This tutorial provides a step-by-step guide on how to perform powder diffraction indexing with ReX.Cell. The example is pretty simple, but extension to more complicated cases should be straightforward.
First of all, download and install the ReX.Cell package specific for your platform. After launching the program, the main application window should appear:
The application window contains several “views”, all of which are basically empty immediately after loading the program. On the top left, the “Dataset” view shows a list of the loaded diffraction patterns; below, the “Peaks List” view displays the diffraction peaks found in the active diffraction pattern. On the right, the currently selected pattern is displayed in a xy plot; immediately below, the “Solutions” view contains a list of the found indexing solutions.

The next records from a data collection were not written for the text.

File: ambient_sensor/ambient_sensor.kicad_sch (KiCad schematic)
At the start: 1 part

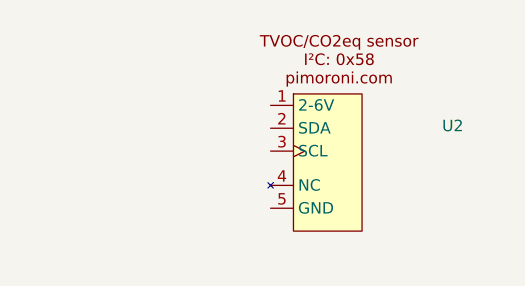
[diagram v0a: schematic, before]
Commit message: footprint and schematic for Si7021
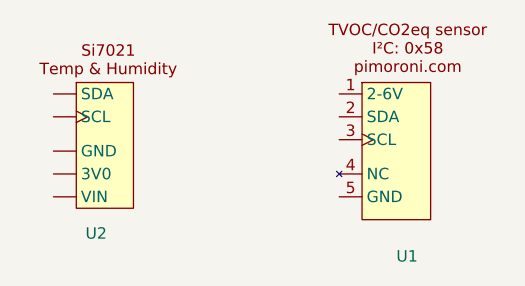
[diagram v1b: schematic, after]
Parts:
- removed U2: ~, symbol sensors:SGP30
- added U1: ~, sensors:SGP30, symbol sensors:SGP30
- added U2: ~, sensors:Si7021original, symbol sensors:Si7021Original
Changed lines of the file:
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@@
 	(paper "A4")
 	(symbol
-		(lib_id "sensors:SGP30")
-		(at 115.57 105.41 0)
+		(lib_id "sensors:Si7021Original")
+		(at 88.9 107.95 0)
 		(unit 1)
 		(exclude_from_sim no)
@@
 		(on_board yes)
 		(dnp no)
-		(fields_autoplaced yes)
 		(property "Reference" "U2"
-			(at 128.27 102.6067 0)
+			(at 88.646 114.554 0)
 			(effects
 				(font
@@
 		)
 		(property "Value" "~"
-			(at 128.27 104.5118 0)
+			(at 100.33 103.753 0)
 			(effects
 				(font
@@
 			)
 		)
-		(property "Footprint" ""
-			(at 110.49 105.41 0)
+		(property "Footprint" "sensors:Si7021original"
+			(at 90.932 113.792 0)
 			(effects
 				(font
@@
 		)
 		(property "Datasheet" ""
-			(at 110.49 105.41 0)
+			(at 88.9 107.95 0)
 			(effects
 				(font
@@
 		)
 		(property "Description" ""
-			(at 110.49 105.41 0)
+			(at 88.9 107.95 0)
 			(effects
 				(font
@@
 			)
 		)
-		(pin "3"
+		(pin ""
 		)
-		(pin "2"
+		(pin ""
 		)
-		(pin "1"
+		(pin ""
 		)
-		(pin "5"
+		(pin ""
 		)
-		(pin "4"
+		(pin ""
 		)
 		(instances
@@
 					(unit 1)
 				)
+			)
+		)
+	)
+	(symbol
+		(lib_id "sensors:SGP30")
+		(at 123.19 104.14 0)
+		(unit 1)
+		(exclude_from_sim no)
+		(in_bom yes)
+		(on_board yes)
+		(dnp no)
+		(property "Reference" "U1"
+			(at 123.19 117.094 0)
+			(effects
+				(font
+					(size 1.27 1.27)
+				)
+				(justify left)
+			)
+		)
+		(property "Value" "~"
+			(at 135.89 103.2418 0)
+			(effects
+				(font
+					(size 1.27 1.27)
+				)
+				(justify left)
+			)
+		)
+		(property "Footprint" "sensors:SGP30"
+			(at 118.11 104.14 0)
+			(effects
+				(font
+					(size 1.27 1.27)
+				)
+				(hide yes)
+			)
+		)
+		(property "Datasheet" ""
+			(at 118.11 104.14 0)
+			(effects
+				(font
+					(size 1.27 1.27)
+				)
+				(hide yes)
+			)
+		)
+		(property "Description" ""
+			(at 118.11 104.14 0)
+			(effects
+				(font
+					(size 1.27 1.27)
+				)
+				(hide yes)
+			)
+		)
+		(pin "5"
+		)
+		(pin "4"
+		)
+		(pin "3"
+		)
+		(pin "2"
+		)
+		(pin "1"
+		)
+		(instances
+			(project ""
+				(path "/9e64b25d-56eb-4d28-941d-8d1b0cd0a88c"
+					(reference "U1")
+					(unit 1)
+				)

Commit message: last modification in schema for now
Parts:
- added U3: ~, sensors:BMP280, symbol sensors:BMP280
- added U4: ATmega328-P, Package_DIP:DIP-28_W7.62mm, symbol MCU_Microchip_ATmega:ATmega328-P
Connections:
- new net: U4.22 (GND), U4.8 (GND)
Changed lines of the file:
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@@
 	(paper "A4")
+	(symbol
+		(lib_id "MCU_Microchip_ATmega:ATmega328-P")
+		(at 46.99 57.15 0)
+		(unit 1)
+		(exclude_from_sim no)
+		(in_bom yes)
+		(on_board yes)
+		(dnp no)
+		(fields_autoplaced yes)
+		(property "Reference" "U4"
+			(at 25.4 20.3514 0)
+			(effects
+				(font
+					(size 1.27 1.27)
+				)
+			)
+		)
+		(property "Value" "ATmega328-P"
+			(at 25.4 22.8914 0)
+			(effects
+				(font
+					(size 1.27 1.27)
+				)
+			)
+		)
+		(property "Footprint" "Package_DIP:DIP-28_W7.62mm"
+			(at 46.99 57.15 0)
+			(effects
+				(font
+					(size 1.27 1.27)
+					(italic yes)
+				)
+				(hide yes)
+			)
+		)
+		(property "Datasheet" "http://ww1.microchip.com/downloads/en/DeviceDoc/ATmega328_P%20AVR%20MCU%20with%20picoPower%20Technology%20Data%20Sheet%2040001984A.pdf"
+			(at 46.99 57.15 0)
+			(effects
+				(font
+					(size 1.27 1.27)
+				)
+				(hide yes)
+			)
+		)
+		(property "Description" "20MHz, 32kB Flash, 2kB SRAM, 1kB EEPROM, DIP-28"
+			(at 46.99 57.15 0)
+			(effects
+				(font
+					(size 1.27 1.27)
+				)
+				(hide yes)
+			)
+		)
+		(pin "17"
+		)
+		(pin "8"
+		)
+		(pin "16"
+		)
+		(pin "19"
+		)
+		(pin "12"
+		)
+		(pin "11"
+		)
+		(pin "13"
+		)
+		(pin "10"
+		)
+		(pin "22"
+		)
+		(pin "18"
+		)
+		(pin "1"
+		)
+		(pin "14"
+		)
+		(pin "3"
+		)
+		(pin "25"
+		)
+		(pin "9"
+		)
+		(pin "24"
+		)
+		(pin "2"
+		)
+		(pin "4"
+		)
+		(pin "21"
+		)
+		(pin "20"
+		)
+		(pin "27"
+		)
+		(pin "5"
+		)
+		(pin "23"
+		)
+		(pin "6"
+		)
+		(pin "26"
+		)
+		(pin "28"
+		)
+		(pin "7"
+		)
+		(pin "15"
+		)
+		(instances
+			(project ""
+				(path "/9e64b25d-56eb-4d28-941d-8d1b0cd0a88c"
+					(reference "U4")
+					(unit 1)
+				)
+			)
+		)
+	)
 	(symbol
 		(lib_id "sensors:Si7021Original")
@@
 					(unit 1)
 				)
+			)
+		)
+	)
+	(symbol
+		(lib_id "sensors:BMP280")
+		(at 101.6 73.66 0)
+		(unit 1)
+		(exclude_from_sim no)
+		(in_bom yes)
+		(on_board yes)
+		(dnp no)
+		(fields_autoplaced yes)
+		(property "Reference" "U3"
+			(at 102.362 49.53 0)
+			(effects
+				(font
+					(size 1.27 1.27)
+				)
+			)
+		)
+		(property "Value" "~"
+			(at 102.362 52.07 0)
+			(effects
+				(font
+					(size 1.27 1.27)
+				)
+			)
+		)
+		(property "Footprint" "sensors:BMP280"
+			(at 102.616 51.308 0)
+			(effects
+				(font
+					(size 1.27 1.27)
+				)
+				(hide yes)
+			)
+		)
+		(property "Datasheet" ""
+			(at 101.6 73.66 0)
+			(effects
+				(font
+					(size 1.27 1.27)
+				)
+				(hide yes)
+			)
+		)
+		(property "Description" ""
+			(at 101.6 73.66 0)
+			(effects
+				(font
+					(size 1.27 1.27)
+				)
+				(hide yes)
+			)
+		)
+		(pin "3"
+		)
+		(pin "6"
+		)
+		(pin "5"
+		)
+		(pin "4"
+		)
+		(pin "2"
+		)
+		(pin "1"
+		)
+		(pin "7"
+		)
+		(instances
+			(project ""
+				(path "/9e64b25d-56eb-4d28-941d-8d1b0cd0a88c"
+					(reference "U3")
+					(unit 1)
+				)

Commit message: clock
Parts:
- added Y1: Crystal, Crystal:Resonator-2Pin_W10.0mm_H5.0mm, symbol Device:Crystal
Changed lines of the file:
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@@
+	)
+	(symbol
+		(lib_id "Device:Crystal")
+		(at 134.62 52.07 0)
+		(unit 1)
+		(exclude_from_sim no)
+		(in_bom yes)
+		(on_board yes)
+		(dnp no)
+		(fields_autoplaced yes)
+		(property "Reference" "Y1"
+			(at 134.62 44.45 0)
+			(effects
+				(font
+					(size 1.27 1.27)
+				)
+			)
+		)
+		(property "Value" "Crystal"
+			(at 134.62 46.99 0)
+			(effects
+				(font
+					(size 1.27 1.27)
+				)
+			)
+		)
+		(property "Footprint" "Crystal:Resonator-2Pin_W10.0mm_H5.0mm"
+			(at 134.62 52.07 0)
+			(effects
+				(font
+					(size 1.27 1.27)
+				)
+				(hide yes)
+			)
+		)
+		(property "Datasheet" "~"
+			(at 134.62 52.07 0)
+			(effects
+				(font
+					(size 1.27 1.27)
+				)
+				(hide yes)
+			)
+		)
+		(property "Description" "Two pin crystal"
+			(at 134.62 52.07 0)
+			(effects
+				(font
+					(size 1.27 1.27)
+				)
+				(hide yes)
+			)
+		)
+		(pin "2"
+		)
+		(pin "1"
+		)
+		(instances
+			(project ""
+				(path "/9e64b25d-56eb-4d28-941d-8d1b0cd0a88c"
+					(reference "Y1")
+					(unit 1)
+				)
+			)
+		)
 	)
 	(symbol

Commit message: schema
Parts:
- removed Y1: Crystal, Crystal:Resonator-2Pin_W10.0mm_H5.0mm, symbol Device:Crystal
- added R1, R2: 4.7k, symbol Device:R
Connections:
- net 5v: now reaches U4.20 (AVCC)
- net 5v: now also U1.1 (2-6V), U2. (VIN), U3.1 (VIN), U3.2 (3Vo), U4.7 (VCC)
- net GND: now reaches U4.22 (GND), U4.8 (GND)
- net GND: now also U1.5 (GND), U2. (VIN), U3.3 (GND)
- net at U4.27 (PC4): now also U2. (VIN), R1.2
- net at U4.28 (PC5): now also U1.3 (SCL), U2. (VIN), U3.5 (SDO), R2.2
- net at U1.2 (SDA): now also U3.6 (SDI)
- new net input: R1.1, R2.1
- no-connect marks 0 -> 25
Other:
- moved on the sheet: U1, U2, U3, U4

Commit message: C and R
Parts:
- added C1: C, Capacitor_SMD:C_1206_3216Metric, symbol Device:C
- added Y1: Crystal, Crystal:Resonator-2Pin_W10.0mm_H5.0mm, symbol Device:Crystal
- R2: footprint (none) -> Resistor_SMD:R_1206_3216Metric
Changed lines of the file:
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@@
+	)
+	(symbol
+		(lib_id "Device:C")
+		(at 210.82 90.17 0)
+		(unit 1)
+		(exclude_from_sim no)
+		(in_bom yes)
+		(on_board yes)
+		(dnp no)
+		(fields_autoplaced yes)
+		(property "Reference" "C1"
+			(at 214.63 88.8999 0)
+			(effects
+				(font
+					(size 1.27 1.27)
+				)
+				(justify left)
+			)
+		)
+		(property "Value" "C"
+			(at 214.63 91.4399 0)
+			(effects
+				(font
+					(size 1.27 1.27)
+				)
+				(justify left)
+			)
+		)
+		(property "Footprint" "Capacitor_SMD:C_1206_3216Metric"
+			(at 211.7852 93.98 0)
+			(effects
+				(font
+					(size 1.27 1.27)
+				)
+				(hide yes)
+			)
+		)
+		(property "Datasheet" "~"
+			(at 210.82 90.17 0)
+			(effects
+				(font
+					(size 1.27 1.27)
+				)
+				(hide yes)
+			)
+		)
+		(property "Description" "Unpolarized capacitor"
+			(at 210.82 90.17 0)
+			(effects
+				(font
+					(size 1.27 1.27)
+				)
+				(hide yes)
+			)
+		)
+		(pin "2"
+		)
+		(pin "1"
+		)
+		(instances
+			(project ""
+				(path "/9e64b25d-56eb-4d28-941d-8d1b0cd0a88c"
+					(reference "C1")
+					(unit 1)
+				)
+			)
+		)
 	)
 	(symbol
@@
 	)
 	(symbol
+		(lib_id "Device:Crystal")
+		(at 69.85 95.25 0)
+		(unit 1)
+		(exclude_from_sim no)
+		(in_bom yes)
+		(on_board yes)
+		(dnp no)
+		(fields_autoplaced yes)
+		(property "Reference" "Y1"
+			(at 69.85 87.63 0)
+			(effects
+				(font
+					(size 1.27 1.27)
+				)
+			)
+		)
+		(property "Value" "Crystal"
+			(at 69.85 90.17 0)
+			(effects
+				(font
+					(size 1.27 1.27)
+				)
+			)
+		)
+		(property "Footprint" "Crystal:Resonator-2Pin_W10.0mm_H5.0mm"
+			(at 69.85 95.25 0)
+			(effects
+				(font
+					(size 1.27 1.27)
+				)
+				(hide yes)
+			)
+		)
+		(property "Datasheet" "~"
+			(at 69.85 95.25 0)
+			(effects
+				(font
+					(size 1.27 1.27)
+				)
+				(hide yes)
+			)
+		)
+		(property "Description" "Two pin crystal"
+			(at 69.85 95.25 0)
+			(effects
+				(font
+					(size 1.27 1.27)
+				)
+				(hide yes)
+			)
+		)
+		(pin "2"
+		)
+		(pin "1"
+		)
+		(instances
+			(project "ambient_sensor"
+				(path "/9e64b25d-56eb-4d28-941d-8d1b0cd0a88c"
+					(reference "Y1")
+					(unit 1)
+				)
+			)
+		)
+	)
+	(symbol
 		(lib_id "Device:R")
 		(at 88.9 45.72 0)
@@
 			)
 		)
-		(property "Footprint" ""
+		(property "Footprint" "Resistor_SMD:R_1206_3216Metric"
 			(at 87.122 45.72 90)
 			(effects

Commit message: clock
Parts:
- added C2: 22p, Capacitor_SMD:C_1206_3216Metric, symbol Device:C
- C1: value C -> 22p
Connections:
- net GND: now also C1.2, C2.2
- net at U4.10 (XTAL2/PB7): now also Y1.1, C2.1
- net at U4.9 (XTAL1/PB6): now also C1.1, Y1.2
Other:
- moved on the sheet: C1, R1, R2, Y1

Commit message: addittional components
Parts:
- added U6: LD1117S33TR_SOT223, Package_TO_SOT_SMD:SOT-223-3_TabPin2, symbol Regulator_Linear:LD1117S33TR_SOT223
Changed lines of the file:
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@@
+	)
+	(symbol
+		(lib_id "Regulator_Linear:LD1117S33TR_SOT223")
+		(at 181.61 97.79 0)
+		(unit 1)
+		(exclude_from_sim no)
+		(in_bom yes)
+		(on_board yes)
+		(dnp no)
+		(fields_autoplaced yes)
+		(property "Reference" "U6"
+			(at 181.61 91.44 0)
+			(effects
+				(font
+					(size 1.27 1.27)
+				)
+			)
+		)
+		(property "Value" "LD1117S33TR_SOT223"
+			(at 181.61 93.98 0)
+			(effects
+				(font
+					(size 1.27 1.27)
+				)
+			)
+		)
+		(property "Footprint" "Package_TO_SOT_SMD:SOT-223-3_TabPin2"
+			(at 181.61 92.71 0)
+			(effects
+				(font
+					(size 1.27 1.27)
+				)
+				(hide yes)
+			)
+		)
+		(property "Datasheet" "http://www.st.com/st-web-ui/static/active/en/resource/technical/document/datasheet/CD00000544.pdf"
+			(at 184.15 104.14 0)
+			(effects
+				(font
+					(size 1.27 1.27)
+				)
+				(hide yes)
+			)
+		)
+		(property "Description" "800mA Fixed Low Drop Positive Voltage Regulator, Fixed Output 3.3V, SOT-223"
+			(at 181.61 97.79 0)
+			(effects
+				(font
+					(size 1.27 1.27)
+				)
+				(hide yes)
+			)
+		)
+		(pin "2"
+		)
+		(pin "1"
+		)
+		(pin "3"
+		)
+		(instances
+			(project ""
+				(path "/9e64b25d-56eb-4d28-941d-8d1b0cd0a88c"
+					(reference "U6")
+					(unit 1)
+				)
+			)
+		)
 	)
 	(symbol

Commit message: clock and reset
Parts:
- added C3: 10u, Capacitor_SMD:C_1206_3216Metric, symbol Device:C
- added J1: Conn_01x02_Pin, Connector_PinHeader_2.54mm:PinHeader_1x02_P2.54mm_Vertical, symbol Connector:Conn_01x02_Pin
- added R3: 10k, Resistor_SMD:R_1206_3216Metric, symbol Device:R
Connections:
- net GND: now also U6.1 (GND), C3.1, J1.1 (Pin_1)
- net at U4.1 (~{RESET}/PC6): now also J1.2 (Pin_2), R3.1
- net +4V: now reaches U4.21 (AREF)
- net +4V: now also U1.1 (2-6V), U2. (VIN), U3.1 (VIN), U3.2 (3Vo), U4.20 (AVCC), U4.7 (VCC), U6.2 (VO), C3.2, R3.2
- removed net 5v: U1.1 (2-6V), U2. (VIN), U3.1 (VIN), U3.2 (3Vo), U4.20 (AVCC), U4.7 (VCC)

Now, download the example diffraction pattern on which we are going to perform the whole peak search and indexing procedure. The diffraction data was obtained from Armel le Bail’s Powbase repository (entry number 88). After unzipping the archive, click on the “Load data” button located on top of the Dataset view, the select the 88.dat file; after a confirmation dialog, the diffraction pattern should appear in the Plot view:
Before performing the peak search, we are going to restrict the data interval to a smaller region. To do this, select the diffraction pattern (88.dat) in the Dataset view and double click on it (or alternatively click on the “Edit…” button ). In the “Edit pattern” dialog, set 10° and 40° for the x min and x max used values, respectively; after closing the window, the pattern plot is updated according to the new interval.
The first page of the wizard simply asks which diffraction pattern to work on; just click on the “Next” button, which brings us to the Data processing page. Here, we have the chance to apply basic pre-processing operation to the diffraction data, namely background subtraction and radiation stripping; in this case, only background subtraction is needed, which is automatically applied when checking the “Subtract background from pattern” checkbox. The background subtracted pattern is displayed in blue in the plot window; changing the type and parameters of background model (combobox and “Edit…” button nearby) changes the pattern accordingly.
After subtracting the background, click the “Next” button to proceed to the peak search page. The peak finding is based on a two-step procedure: first the pattern is processed through a Savitzky-Golay method, then peak maxima are found using a second derivative search. Both steps can be configured in the graphical user interface, in the “Data smoothing” and the “Peak detection” sub-panels, respectively.
Initially, the pattern plot shows the peak positions automatically found with the standard option values applied:
In our case, only the “Average FWHM” value needs to be slightly increased to obtain a satisfying results (e.g. 0.07 or 0.08). You may want to experiment a little bit with the option values and see in real time how this affect the peaks list; notice that you can zoom and pan the plot at any time to observe a particular region of the pattern. After you are reasonably satisfied with the results, click “Finish” to end the wizard. The Peaks List view shows now the found diffraction peaks along with their relative intensities and positions (in both 2-theta and d-spacing).
At this point, we can modify the peaks list by deleting wrongly positioned peaks or adding new ones. To delete an unwanted peak, simply select it in the peaks list view (it will turn blue in the plot window) then click on the “Delete” button. To add a new peak, position the cursor in the plot window at the wanted position and double click; a new peak will appear in both the plot view and the peaks list. Alternatively, you can click on the “Add new peak” button and manually enter the peak data in the dialog that shows up.
At this point we can proceed with the indexing. In the Peaks List view, locate the “Run indexing” button and press it; a new window will appear, showing the indexing options. In the combo box, make sure “Dicvol 06” is selected; the press the “Options…” button. In the Options panel, which opens add the “Monoclinic” symmetry by selecting the corresponding checkbox:
Close the options panel and click on the Run “button”; this starts the Dicvol indexing program, which completes pretty quickly (unless the peak selection was incorrectly carried out, and one or more “impurity” peaks are present). If the indexing is successful, one or more entries should appear in the “Solutions” view (below the Plot view); in our case, the first (and probably only) solution is the correct one.
It is possible to compare the indexed solutions with the original peaks list simply by clicking on the solution entries: the corresponding calculated peaks list appear in blue below the experimental peaks list, displayed in green. It is also possible to directly examine the program output by clicking on the “Output” button.
At this point, you may choose to perform the indexing again with different indexing options or a different indexing program; manual edit of the input file is also supported. Please notice however, that any change in the graphical option panel after the manual edit override any previous manual input.
You can finally export the selected solution by clicking the “Export solution…” button ; support for different structural format is provided, among which the *.cif format is probably the most convenient.
This concludes the indexing tutorial; you may want to experiment again with this example by choosing different options in the peak search wizard and others indexing programs, and see how these choices affects the indexing results.